The inflation rate has also continued to rise. The Chinese liquidity exchange rate regime has been taking steps to tighten monetary policy in order to halt the surge in liquidity, but constrained by the exchange rate policy that seeks to achieve currency stability liquidity exchange rate regime the U. China liquidity exchange rate regime generated a surplus in its current account - primarily in its trade balance - as well as in its capital account, which reflects the flow of funds.
These twin surpluses have exerted upward pressure on the renminbi RMB. The growth in base money has boosted broad money supply M2 by means of the credit multiplier. Consequently, China's M2 at the end of reached Liquidity exchange rate regime growing liquidity has pushed up consumer prices as well as asset prices, namely prices of real estate and shares.
The sharp spike in real estate prices started in Shanghai and other coastal urban areas around and has now spread to inland cities.
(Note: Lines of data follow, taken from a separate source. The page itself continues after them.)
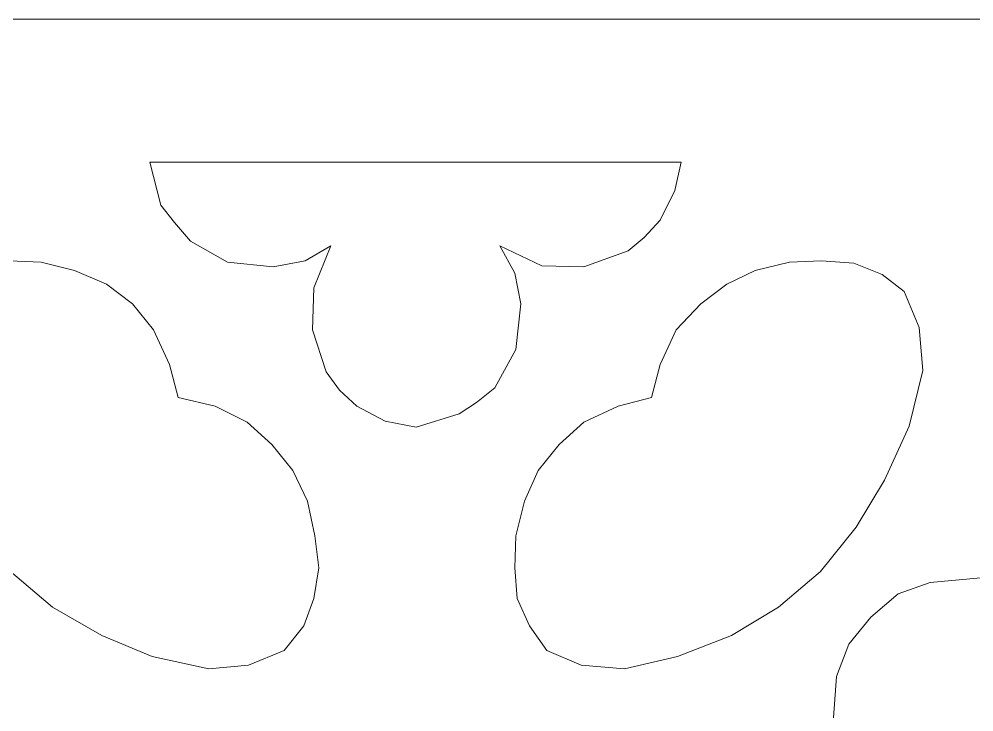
# Model space of a CAD drawing. Header units: centimetres. Extents: x -7.3 to 5.6, y -12.5 to 13.9.
# Drawn here: x -2.605 to 1.718, y -2.738 to 0.398 of the extents above; entities that cross this region are included whole.
import ezdxf

# ---------------------------------------------------------------- set-up
doc = ezdxf.new("R2010")
doc.units = ezdxf.units.CM
doc.header["$MEASUREMENT"] = 0
doc.layers.add('layer 1', color=7, linetype='Continuous')

msp = doc.modelspace()

# ---------------------------------------------------------------- linework, layer by layer
at = {"layer": 'layer 1', "color": 177, "lineweight": 9}
for points, knots in [([(-7.26074, 0.39811), (-7.26074, 0.39811), (5.63915, 0.39811), (5.63915, 0.39811), (5.63915, 0.39811), (5.63915, 0.39811), (5.63915, -12.48503), (5.63915, -12.48503), (5.63915, -12.48503), (5.63915, -12.48503), (-7.26074, -12.48503), (-7.26074, -12.48503), (-7.26074, -12.48503), (-7.26074, -12.48503), (-7.26074, 0.39811), (-7.26074, 0.39811)], [0, 0, 0, 0, 0.2, 0.2, 0.2, 0.2, 0.4, 0.4, 0.4, 0.4, 0.6, 0.6, 0.6, 0.6, 1, 1, 1, 1]), ([(0.39211, -0.2494), (0.39211, -0.2494), (0.3642, -0.37778), (0.3642, -0.37778), (0.3642, -0.37778), (0.3642, -0.37778), (0.29722, -0.51175), (0.29722, -0.51175), (0.29722, -0.51175), (0.29722, -0.51175), (0.22465, -0.58989), (0.22465, -0.58989), (0.22465, -0.58989), (0.22465, -0.58989), (0.15209, -0.6513), (0.15209, -0.6513), (0.15209, -0.6513), (0.15209, -0.6513), (-0.04886, -0.72386), (-0.04886, -0.72386), (-0.04886, -0.72386), (-0.04886, -0.72386), (-0.23865, -0.71828), (-0.23865, -0.71828), (-0.23865, -0.71828), (-0.23865, -0.71828), (-0.42843, -0.62897), (-0.42843, -0.62897), (-0.42843, -0.62897), (-0.42843, -0.62897), (-0.36145, -0.75177), (-0.36145, -0.75177), (-0.36145, -0.75177), (-0.36145, -0.75177), (-0.33354, -0.89132), (-0.33354, -0.89132), (-0.33354, -0.89132), (-0.33354, -0.89132), (-0.35587, -1.09785), (-0.35587, -1.09785), (-0.35587, -1.09785), (-0.35587, -1.09785), (-0.45076, -1.27089), (-0.45076, -1.27089), (-0.45076, -1.27089), (-0.45076, -1.27089), (-0.53449, -1.33788), (-0.53449, -1.33788), (-0.53449, -1.33788), (-0.53449, -1.33788), (-0.61264, -1.38811), (-0.61264, -1.38811), (-0.61264, -1.38811), (-0.61264, -1.38811), (-0.80801, -1.44951), (-0.80801, -1.44951), (-0.80801, -1.44951), (-0.80801, -1.44951), (-0.94755, -1.42161), (-0.94755, -1.42161), (-0.94755, -1.42161), (-0.94755, -1.42161), (-1.07594, -1.35462), (-1.07594, -1.35462), (-1.07594, -1.35462), (-1.07594, -1.35462), (-1.15409, -1.28206), (-1.15409, -1.28206), (-1.15409, -1.28206), (-1.15409, -1.28206), (-1.21549, -1.19833), (-1.21549, -1.19833), (-1.21549, -1.19833), (-1.21549, -1.19833), (-1.27689, -1.00854), (-1.27689, -1.00854), (-1.27689, -1.00854), (-1.27689, -1.00854), (-1.27131, -0.81875), (-1.27131, -0.81875), (-1.27131, -0.81875), (-1.27131, -0.81875), (-1.19316, -0.62897), (-1.19316, -0.62897), (-1.19316, -0.62897), (-1.19316, -0.62897), (-1.31038, -0.69595), (-1.31038, -0.69595), (-1.31038, -0.69595), (-1.31038, -0.69595), (-1.45551, -0.72386), (-1.45551, -0.72386), (-1.45551, -0.72386), (-1.45551, -0.72386), (-1.66204, -0.70153), (-1.66204, -0.70153), (-1.66204, -0.70153), (-1.66204, -0.70153), (-1.8295, -0.60664), (-1.8295, -0.60664), (-1.8295, -0.60664), (-1.8295, -0.60664), (-1.90207, -0.52291), (-1.90207, -0.52291), (-1.90207, -0.52291), (-1.90207, -0.52291), (-1.96347, -0.44476), (-1.96347, -0.44476), (-1.96347, -0.44476), (-1.96347, -0.44476), (-2.01371, -0.2494), (-2.01371, -0.2494), (-2.01371, -0.2494), (-2.01371, -0.2494), (0.39211, -0.2494), (0.39211, -0.2494)], [0, 0, 0, 0, 0.0333333, 0.0333333, 0.0333333, 0.0333333, 0.0666667, 0.0666667, 0.0666667, 0.0666667, 0.1, 0.1, 0.1, 0.1, 0.1333333, 0.1333333, 0.1333333, 0.1333333, 0.1666667, 0.1666667, 0.1666667, 0.1666667, 0.2, 0.2, 0.2, 0.2, 0.2333333, 0.2333333, 0.2333333, 0.2333333, 0.2666667, 0.2666667, 0.2666667, 0.2666667, 0.3, 0.3, 0.3, 0.3, 0.3333333, 0.3333333, 0.3333333, 0.3333333, 0.3666667, 0.3666667, 0.3666667, 0.3666667, 0.4, 0.4, 0.4, 0.4, 0.4333333, 0.4333333, 0.4333333, 0.4333333, 0.4666667, 0.4666667, 0.4666667, 0.4666667, 0.5, 0.5, 0.5, 0.5, 0.5333333, 0.5333333, 0.5333333, 0.5333333, 0.5666667, 0.5666667, 0.5666667, 0.5666667, 0.6, 0.6, 0.6, 0.6, 0.6333333, 0.6333333, 0.6333333, 0.6333333, 0.6666667, 0.6666667, 0.6666667, 0.6666667, 0.7, 0.7, 0.7, 0.7, 0.7333333, 0.7333333, 0.7333333, 0.7333333, 0.7666667, 0.7666667, 0.7666667, 0.7666667, 0.8, 0.8, 0.8, 0.8, 0.8333333, 0.8333333, 0.8333333, 0.8333333, 0.8666667, 0.8666667, 0.8666667, 0.8666667, 0.9, 0.9, 0.9, 0.9, 0.9333333, 0.9333333, 0.9333333, 0.9333333, 1, 1, 1, 1]), ([(-1.88532, -1.31555), (-1.88532, -1.31555), (-1.71786, -1.35462), (-1.71786, -1.35462), (-1.71786, -1.35462), (-1.71786, -1.35462), (-1.57273, -1.42719), (-1.57273, -1.42719), (-1.57273, -1.42719), (-1.57273, -1.42719), (-1.46109, -1.52766), (-1.46109, -1.52766), (-1.46109, -1.52766), (-1.46109, -1.52766), (-1.3662, -1.64488), (-1.3662, -1.64488), (-1.3662, -1.64488), (-1.3662, -1.64488), (-1.29922, -1.78443), (-1.29922, -1.78443), (-1.29922, -1.78443), (-1.29922, -1.78443), (-1.26573, -1.94073), (-1.26573, -1.94073), (-1.26573, -1.94073), (-1.26573, -1.94073), (-1.24898, -2.08586), (-1.24898, -2.08586), (-1.24898, -2.08586), (-1.24898, -2.08586), (-1.27131, -2.22541), (-1.27131, -2.22541), (-1.27131, -2.22541), (-1.27131, -2.22541), (-1.31596, -2.34821), (-1.31596, -2.34821), (-1.31596, -2.34821), (-1.31596, -2.34821), (-1.40527, -2.45985), (-1.40527, -2.45985), (-1.40527, -2.45985), (-1.40527, -2.45985), (-1.56715, -2.52683), (-1.56715, -2.52683), (-1.56715, -2.52683), (-1.56715, -2.52683), (-1.74577, -2.54358), (-1.74577, -2.54358), (-1.74577, -2.54358), (-1.74577, -2.54358), (-2.00254, -2.48776), (-2.00254, -2.48776), (-2.00254, -2.48776), (-2.00254, -2.48776), (-2.2314, -2.39286), (-2.2314, -2.39286), (-2.2314, -2.39286), (-2.2314, -2.39286), (-2.45468, -2.26448), (-2.45468, -2.26448), (-2.45468, -2.26448), (-2.45468, -2.26448), (-2.64447, -2.1026), (-2.64447, -2.1026), (-2.64447, -2.1026), (-2.64447, -2.1026), (-2.81193, -1.90165), (-2.81193, -1.90165), (-2.81193, -1.90165), (-2.81193, -1.90165), (-2.94031, -1.68954), (-2.94031, -1.68954), (-2.94031, -1.68954), (-2.94031, -1.68954), (-3.04079, -1.44393), (-3.04079, -1.44393), (-3.04079, -1.44393), (-3.04079, -1.44393), (-3.09661, -1.19275), (-3.09661, -1.19275), (-3.09661, -1.19275), (-3.09661, -1.19275), (-3.09102, -0.99738), (-3.09102, -0.99738), (-3.09102, -0.99738), (-3.09102, -0.99738), (-3.01846, -0.8355), (-3.01846, -0.8355), (-3.01846, -0.8355), (-3.01846, -0.8355), (-2.92356, -0.75735), (-2.92356, -0.75735), (-2.92356, -0.75735), (-2.92356, -0.75735), (-2.79518, -0.70712), (-2.79518, -0.70712), (-2.79518, -0.70712), (-2.79518, -0.70712), (-2.65005, -0.69595), (-2.65005, -0.69595), (-2.65005, -0.69595), (-2.65005, -0.69595), (-2.50492, -0.70153), (-2.50492, -0.70153), (-2.50492, -0.70153), (-2.50492, -0.70153), (-2.35421, -0.74061), (-2.35421, -0.74061), (-2.35421, -0.74061), (-2.35421, -0.74061), (-2.20908, -0.80201), (-2.20908, -0.80201), (-2.20908, -0.80201), (-2.20908, -0.80201), (-2.09185, -0.89132), (-2.09185, -0.89132), (-2.09185, -0.89132), (-2.09185, -0.89132), (-1.99696, -1.00854), (-1.99696, -1.00854), (-1.99696, -1.00854), (-1.99696, -1.00854), (-1.9244, -1.16484), (-1.9244, -1.16484), (-1.9244, -1.16484), (-1.9244, -1.16484), (-1.88532, -1.31555), (-1.88532, -1.31555)], [0, 0, 0, 0, 0.030303, 0.030303, 0.030303, 0.030303, 0.0606061, 0.0606061, 0.0606061, 0.0606061, 0.0909091, 0.0909091, 0.0909091, 0.0909091, 0.1212121, 0.1212121, 0.1212121, 0.1212121, 0.1515152, 0.1515152, 0.1515152, 0.1515152, 0.1818182, 0.1818182, 0.1818182, 0.1818182, 0.2121212, 0.2121212, 0.2121212, 0.2121212, 0.2424242, 0.2424242, 0.2424242, 0.2424242, 0.2727273, 0.2727273, 0.2727273, 0.2727273, 0.3030303, 0.3030303, 0.3030303, 0.3030303, 0.3333333, 0.3333333, 0.3333333, 0.3333333, 0.3636364, 0.3636364, 0.3636364, 0.3636364, 0.3939394, 0.3939394, 0.3939394, 0.3939394, 0.4242424, 0.4242424, 0.4242424, 0.4242424, 0.4545455, 0.4545455, 0.4545455, 0.4545455, 0.4848485, 0.4848485, 0.4848485, 0.4848485, 0.5151515, 0.5151515, 0.5151515, 0.5151515, 0.5454545, 0.5454545, 0.5454545, 0.5454545, 0.5757576, 0.5757576, 0.5757576, 0.5757576, 0.6060606, 0.6060606, 0.6060606, 0.6060606, 0.6363636, 0.6363636, 0.6363636, 0.6363636, 0.6666667, 0.6666667, 0.6666667, 0.6666667, 0.6969697, 0.6969697, 0.6969697, 0.6969697, 0.7272727, 0.7272727, 0.7272727, 0.7272727, 0.7575758, 0.7575758, 0.7575758, 0.7575758, 0.7878788, 0.7878788, 0.7878788, 0.7878788, 0.8181818, 0.8181818, 0.8181818, 0.8181818, 0.8484848, 0.8484848, 0.8484848, 0.8484848, 0.8787879, 0.8787879, 0.8787879, 0.8787879, 0.9090909, 0.9090909, 0.9090909, 0.9090909, 0.9393939, 0.9393939, 0.9393939, 0.9393939, 1, 1, 1, 1]), ([(0.25815, -1.31555), (0.25815, -1.31555), (0.29722, -1.16484), (0.29722, -1.16484), (0.29722, -1.16484), (0.29722, -1.16484), (0.36979, -1.00854), (0.36979, -1.00854), (0.36979, -1.00854), (0.36979, -1.00854), (0.48142, -0.89132), (0.48142, -0.89132), (0.48142, -0.89132), (0.48142, -0.89132), (0.59865, -0.80201), (0.59865, -0.80201), (0.59865, -0.80201), (0.59865, -0.80201), (0.72703, -0.74061), (0.72703, -0.74061), (0.72703, -0.74061), (0.72703, -0.74061), (0.88332, -0.70153), (0.88332, -0.70153), (0.88332, -0.70153), (0.88332, -0.70153), (1.02846, -0.69595), (1.02846, -0.69595), (1.02846, -0.69595), (1.02846, -0.69595), (1.17359, -0.70712), (1.17359, -0.70712), (1.17359, -0.70712), (1.17359, -0.70712), (1.30197, -0.75735), (1.30197, -0.75735), (1.30197, -0.75735), (1.30197, -0.75735), (1.40245, -0.8355), (1.40245, -0.8355), (1.40245, -0.8355), (1.40245, -0.8355), (1.46943, -0.99738), (1.46943, -0.99738), (1.46943, -0.99738), (1.46943, -0.99738), (1.48618, -1.19275), (1.48618, -1.19275), (1.48618, -1.19275), (1.48618, -1.19275), (1.42477, -1.44393), (1.42477, -1.44393), (1.42477, -1.44393), (1.42477, -1.44393), (1.31314, -1.68954), (1.31314, -1.68954), (1.31314, -1.68954), (1.31314, -1.68954), (1.18475, -1.90165), (1.18475, -1.90165), (1.18475, -1.90165), (1.18475, -1.90165), (1.02287, -2.1026), (1.02287, -2.1026), (1.02287, -2.1026), (1.02287, -2.1026), (0.83309, -2.26448), (0.83309, -2.26448), (0.83309, -2.26448), (0.83309, -2.26448), (0.62097, -2.39286), (0.62097, -2.39286), (0.62097, -2.39286), (0.62097, -2.39286), (0.37537, -2.48776), (0.37537, -2.48776), (0.37537, -2.48776), (0.37537, -2.48776), (0.13534, -2.54358), (0.13534, -2.54358), (0.13534, -2.54358), (0.13534, -2.54358), (-0.06002, -2.52683), (-0.06002, -2.52683), (-0.06002, -2.52683), (-0.06002, -2.52683), (-0.21632, -2.45985), (-0.21632, -2.45985), (-0.21632, -2.45985), (-0.21632, -2.45985), (-0.29447, -2.34821), (-0.29447, -2.34821), (-0.29447, -2.34821), (-0.29447, -2.34821), (-0.35029, -2.22541), (-0.35029, -2.22541), (-0.35029, -2.22541), (-0.35029, -2.22541), (-0.36145, -2.08586), (-0.36145, -2.08586), (-0.36145, -2.08586), (-0.36145, -2.08586), (-0.35587, -1.94073), (-0.35587, -1.94073), (-0.35587, -1.94073), (-0.35587, -1.94073), (-0.31679, -1.78443), (-0.31679, -1.78443), (-0.31679, -1.78443), (-0.31679, -1.78443), (-0.25539, -1.64488), (-0.25539, -1.64488), (-0.25539, -1.64488), (-0.25539, -1.64488), (-0.1605, -1.52766), (-0.1605, -1.52766), (-0.1605, -1.52766), (-0.1605, -1.52766), (-0.04886, -1.42719), (-0.04886, -1.42719), (-0.04886, -1.42719), (-0.04886, -1.42719), (0.10743, -1.35462), (0.10743, -1.35462), (0.10743, -1.35462), (0.10743, -1.35462), (0.25815, -1.31555), (0.25815, -1.31555)], [0, 0, 0, 0, 0.030303, 0.030303, 0.030303, 0.030303, 0.0606061, 0.0606061, 0.0606061, 0.0606061, 0.0909091, 0.0909091, 0.0909091, 0.0909091, 0.1212121, 0.1212121, 0.1212121, 0.1212121, 0.1515152, 0.1515152, 0.1515152, 0.1515152, 0.1818182, 0.1818182, 0.1818182, 0.1818182, 0.2121212, 0.2121212, 0.2121212, 0.2121212, 0.2424242, 0.2424242, 0.2424242, 0.2424242, 0.2727273, 0.2727273, 0.2727273, 0.2727273, 0.3030303, 0.3030303, 0.3030303, 0.3030303, 0.3333333, 0.3333333, 0.3333333, 0.3333333, 0.3636364, 0.3636364, 0.3636364, 0.3636364, 0.3939394, 0.3939394, 0.3939394, 0.3939394, 0.4242424, 0.4242424, 0.4242424, 0.4242424, 0.4545455, 0.4545455, 0.4545455, 0.4545455, 0.4848485, 0.4848485, 0.4848485, 0.4848485, 0.5151515, 0.5151515, 0.5151515, 0.5151515, 0.5454545, 0.5454545, 0.5454545, 0.5454545, 0.5757576, 0.5757576, 0.5757576, 0.5757576, 0.6060606, 0.6060606, 0.6060606, 0.6060606, 0.6363636, 0.6363636, 0.6363636, 0.6363636, 0.6666667, 0.6666667, 0.6666667, 0.6666667, 0.6969697, 0.6969697, 0.6969697, 0.6969697, 0.7272727, 0.7272727, 0.7272727, 0.7272727, 0.7575758, 0.7575758, 0.7575758, 0.7575758, 0.7878788, 0.7878788, 0.7878788, 0.7878788, 0.8181818, 0.8181818, 0.8181818, 0.8181818, 0.8484848, 0.8484848, 0.8484848, 0.8484848, 0.8787879, 0.8787879, 0.8787879, 0.8787879, 0.9090909, 0.9090909, 0.9090909, 0.9090909, 0.9393939, 0.9393939, 0.9393939, 0.9393939, 1, 1, 1, 1]), ([(1.09544, -2.57707), (1.09544, -2.57707), (1.15126, -2.43194), (1.15126, -2.43194), (1.15126, -2.43194), (1.15126, -2.43194), (1.25173, -2.30914), (1.25173, -2.30914), (1.25173, -2.30914), (1.25173, -2.30914), (1.37454, -2.20308), (1.37454, -2.20308), (1.37454, -2.20308), (1.37454, -2.20308), (1.51967, -2.15284), (1.51967, -2.15284), (1.51967, -2.15284), (1.51967, -2.15284), (1.74853, -2.13051), (1.74853, -2.13051), (1.74853, -2.13051), (1.74853, -2.13051), (1.86017, -2.15284), (1.86017, -2.15284), (1.86017, -2.15284), (1.86017, -2.15284), (1.96064, -2.1975), (1.96064, -2.1975), (1.96064, -2.1975), (1.96064, -2.1975), (2.01646, -2.24773), (2.01646, -2.24773), (2.01646, -2.24773), (2.01646, -2.24773), (2.07228, -2.31472), (2.07228, -2.31472), (2.07228, -2.31472), (2.07228, -2.31472), (2.1281, -2.46543), (2.1281, -2.46543), (2.1281, -2.46543), (2.1281, -2.46543), (2.1281, -2.60498), (2.1281, -2.60498), (2.1281, -2.60498), (2.1281, -2.60498), (2.09461, -2.74453), (2.09461, -2.74453), (2.09461, -2.74453), (2.09461, -2.74453), (2.02762, -2.87291), (2.02762, -2.87291), (2.02762, -2.87291), (2.02762, -2.87291), (1.93831, -2.99572), (1.93831, -2.99572), (1.93831, -2.99572), (1.93831, -2.99572), (1.82109, -3.07386), (1.82109, -3.07386), (1.82109, -3.07386), (1.82109, -3.07386), (1.68713, -3.15201), (1.68713, -3.15201), (1.68713, -3.15201), (1.68713, -3.15201), (1.54758, -3.1855), (1.54758, -3.1855), (1.54758, -3.1855), (1.54758, -3.1855), (1.41919, -3.1855), (1.41919, -3.1855), (1.41919, -3.1855), (1.41919, -3.1855), (1.25732, -3.12968), (1.25732, -3.12968), (1.25732, -3.12968), (1.25732, -3.12968), (1.19591, -3.07386), (1.19591, -3.07386), (1.19591, -3.07386), (1.19591, -3.07386), (1.14568, -3.01804), (1.14568, -3.01804), (1.14568, -3.01804), (1.14568, -3.01804), (1.09544, -2.91757), (1.09544, -2.91757), (1.09544, -2.91757), (1.09544, -2.91757), (1.07869, -2.80593), (1.07869, -2.80593), (1.07869, -2.80593), (1.07869, -2.80593), (1.09544, -2.57707), (1.09544, -2.57707)], [0, 0, 0, 0, 0.04, 0.04, 0.04, 0.04, 0.08, 0.08, 0.08, 0.08, 0.12, 0.12, 0.12, 0.12, 0.16, 0.16, 0.16, 0.16, 0.2, 0.2, 0.2, 0.2, 0.24, 0.24, 0.24, 0.24, 0.28, 0.28, 0.28, 0.28, 0.32, 0.32, 0.32, 0.32, 0.36, 0.36, 0.36, 0.36, 0.4, 0.4, 0.4, 0.4, 0.44, 0.44, 0.44, 0.44, 0.48, 0.48, 0.48, 0.48, 0.52, 0.52, 0.52, 0.52, 0.56, 0.56, 0.56, 0.56, 0.6, 0.6, 0.6, 0.6, 0.64, 0.64, 0.64, 0.64, 0.68, 0.68, 0.68, 0.68, 0.72, 0.72, 0.72, 0.72, 0.76, 0.76, 0.76, 0.76, 0.8, 0.8, 0.8, 0.8, 0.84, 0.84, 0.84, 0.84, 0.88, 0.88, 0.88, 0.88, 0.92, 0.92, 0.92, 0.92, 1, 1, 1, 1])]:
    msp.add_open_spline(points, degree=3, knots=knots, dxfattribs=at)

doc.saveas('drawing.dxf')

Liquidity exchange rate regime upward trend in stock prices was triggered by the reform of non-tradable shares launched in The benchmark Shanghai Composite Index has multiplied almost six times over the past two and a half years.
Inflation is also accelerating, with the year-on-year rate of CPI increase reaching 6. To hold down the surge in liquidity resulting from its growing external surplus, the PBOC has introduced the following three major measures, which are liquidity exchange rate regime to tighten monetary policy or achieve sterilization in a broad sense.
However, the scale of intervention has become so large that sterilization operations have led to a rapid rise in interest rates, which in turn is attracting further capital inflow, liquidity exchange rate regime liquidity control increasingly difficult. The Liquidity exchange rate regime aims to control the credit multiplier and the money supply by raising the deposit reserve ratio that applies to banks. It has revised this ratio upwards 11 times sincefor an aggregate increase of 5.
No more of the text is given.